There are cases where it might be better to avoid normalization for performance reasons, but you should have a good understanding of normalization before making this decision.
First and foremost ask yourself are you repeating fields or attributes of fields. Does your one table contain relationships or attributes that should be separated. Follow third normal form...we need more info to help but generally speaking one table with thirty six columns smells like a db fart.
If you want to store a million rows of the same kind, go for it. Any decent database will cope even with much bigger tables.
Design your database to best fit the data (as seen from your application), get it up, and optimize later. You will probably find that performance is not a problem.

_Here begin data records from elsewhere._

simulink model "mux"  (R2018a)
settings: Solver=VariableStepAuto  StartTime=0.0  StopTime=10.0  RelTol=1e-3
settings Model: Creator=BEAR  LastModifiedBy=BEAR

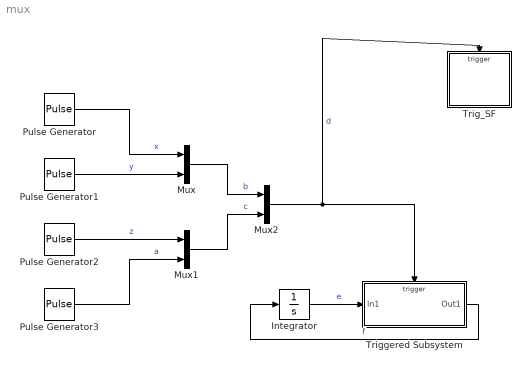
== system mux ==
  Integrator : Integrator  InitialCondition=-1
  Mux : Mux  Inputs=2
  Mux1 : Mux  Inputs=2
  Mux2 : Mux  Inputs=2
  Pulse Generator : DiscretePulseGenerator  PulseType=Time based  Period=10  PulseWidth=10
  Pulse Generator1 : DiscretePulseGenerator  PulseType=Time based  Period=10  PulseWidth=10  PhaseDelay=1
  Pulse Generator2 : DiscretePulseGenerator  PulseType=Time based  Period=10  PulseWidth=10  PhaseDelay=2
  Pulse Generator3 : DiscretePulseGenerator  PulseType=Time based  Period=10  PulseWidth=10  PhaseDelay=3
  Trig_SF : Stateflow chart  TreatAsAtomicUnit=on
  Triggered Subsystem : Subsystem  TreatAsAtomicUnit=on
  wires:
  Pulse Generator/1 -> Mux/1  "x"
  Pulse Generator1/1 -> Mux/2  "y"
  Pulse Generator2/1 -> Mux1/1  "z"
  Pulse Generator3/1 -> Mux1/2  "a"
  Mux/1 -> Mux2/1  "b"
  Mux1/1 -> Mux2/2  "c"
  Mux2/1 -> Trig_SF/Trigger, Triggered Subsystem/Trigger  "d"
  Integrator/1 -> Triggered Subsystem/1(In1)  "e"
  Triggered Subsystem/1(Out1) -> Integrator/1  "f"

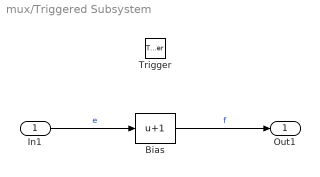
== system mux/Triggered Subsystem ==
  In1 : Inport
  Trigger : TriggerPort  VariantControl=Variant
  Bias : Bias  Bias=1
  Out1 : Outport
  wires:
  In1/1 -> Bias/1  "e"
  Bias/1 -> Out1/1  "f"

== stateflow chart mux/Trig_SF ==
  state A
  state B
    state B1
    state B2
    (default) -> B1
    B1 -> B2 : event2
    B2 -> B1 : event3
  (default) -> A
  A -> B : event
  B -> A : event1
  events: event input RISING_EDGE_EVENT; event1 input FALLING_EDGE_EVENT; event2 input EITHER_EDGE_EVENT; event3 input RISING_EDGE_EVENT
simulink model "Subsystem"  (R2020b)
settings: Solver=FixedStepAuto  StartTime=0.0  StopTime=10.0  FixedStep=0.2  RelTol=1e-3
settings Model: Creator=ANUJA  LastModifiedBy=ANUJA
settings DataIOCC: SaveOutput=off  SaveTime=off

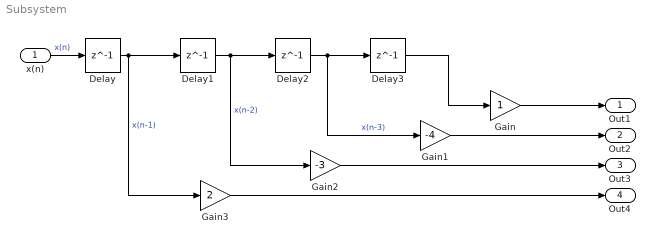
== system Subsystem ==
  x(n) : Inport  OutDataTypeStr=double  PortDimensions=1  SampleTime=[0,1]
  Delay{,1..3} (4 alike) : Delay  DelayLength=1  InitialCondition=0
  Gain : Gain
  Gain1 : Gain  Gain=-4
  Gain2 : Gain  Gain=-3
  Gain3 : Gain  Gain=2
  Out1 : Outport  OutDataTypeStr=double  PortDimensions=1  SampleTime=[0.20000000000000001,0]
  Out2 : Outport  Port=2  OutDataTypeStr=double  PortDimensions=1  SampleTime=[0.20000000000000001,0]
  Out3 : Outport  Port=3  OutDataTypeStr=double  PortDimensions=1  SampleTime=[0.20000000000000001,0]
  Out4 : Outport  Port=4  OutDataTypeStr=double  PortDimensions=1  SampleTime=[0.20000000000000001,0]
  wires:
  Gain3/1 -> Out4/1
  Delay1/1 -> Delay2/1, Gain2/1  "x(n-2)"
  Delay/1 -> Delay1/1, Gain3/1  "x(n-1)"
  Delay3/1 -> Gain/1
  Gain2/1 -> Out3/1
  Delay2/1 -> Gain1/1, Delay3/1  "x(n-3)"
  x(n)/1 -> Delay/1  "x(n)"
  Gain/1 -> Out1/1
  Gain1/1 -> Out2/1

You should model your database according to the data you want to store. This is called "normalization": Essentially, each piece of information should only be stored once, otherwise a table cell should point to another row or table containing the value. If, for example, you have table containing phone numbers, and one column contains the area code, you will likely have more than one phone number with the same value in the same column. Once this happens, you should set up a new table for area codes and link to its entries by referencing the primary key of the row the desired area code is stored in.
So instead of
id | area code | number
---+-----------+---------
1 | 510 | 555-1234
2 | 510 | 555-1235
3 | 215 | 555-1236
4 | 215 | 555-1237
you would have
id | area code id | number | area code
---+---------- ---+----------+-----------
1 | 510 1 | 555-1234 | 1
2 | 215 2 | 555-1235 | 1
3 | 555-1236 | 2
4 | 555-1237 | 2
The more occurences of the same value you have, the more likely will you save memory and get quicker performance if you organize your data in this way, especially when you're handling string values or binary data. Also, if an area code would change, all you need to do is update a single cell instead of having to perform an update operation on the whole table.
Try this tutorial.
Correlation does not imply causation.
Just because shitloads of columns usually indicate a bad design, doesn't mean that a shitload of columns is a bad design.
If you have a normalized model, you store whatever number of columns you need a single table.
It depends!
Does that one table contain a single 'entity'? i.e. Are all 36 columns attributes a single thing, or are there several 'things' mixed together?
If mixed, then you should normalise (separate into distinct entities with relationships between them). You should aim for at least Third Normal Form (3NF).
A best practice is to normalise as much as you can; if you later identify a performance problem, then denormalise as little as you can.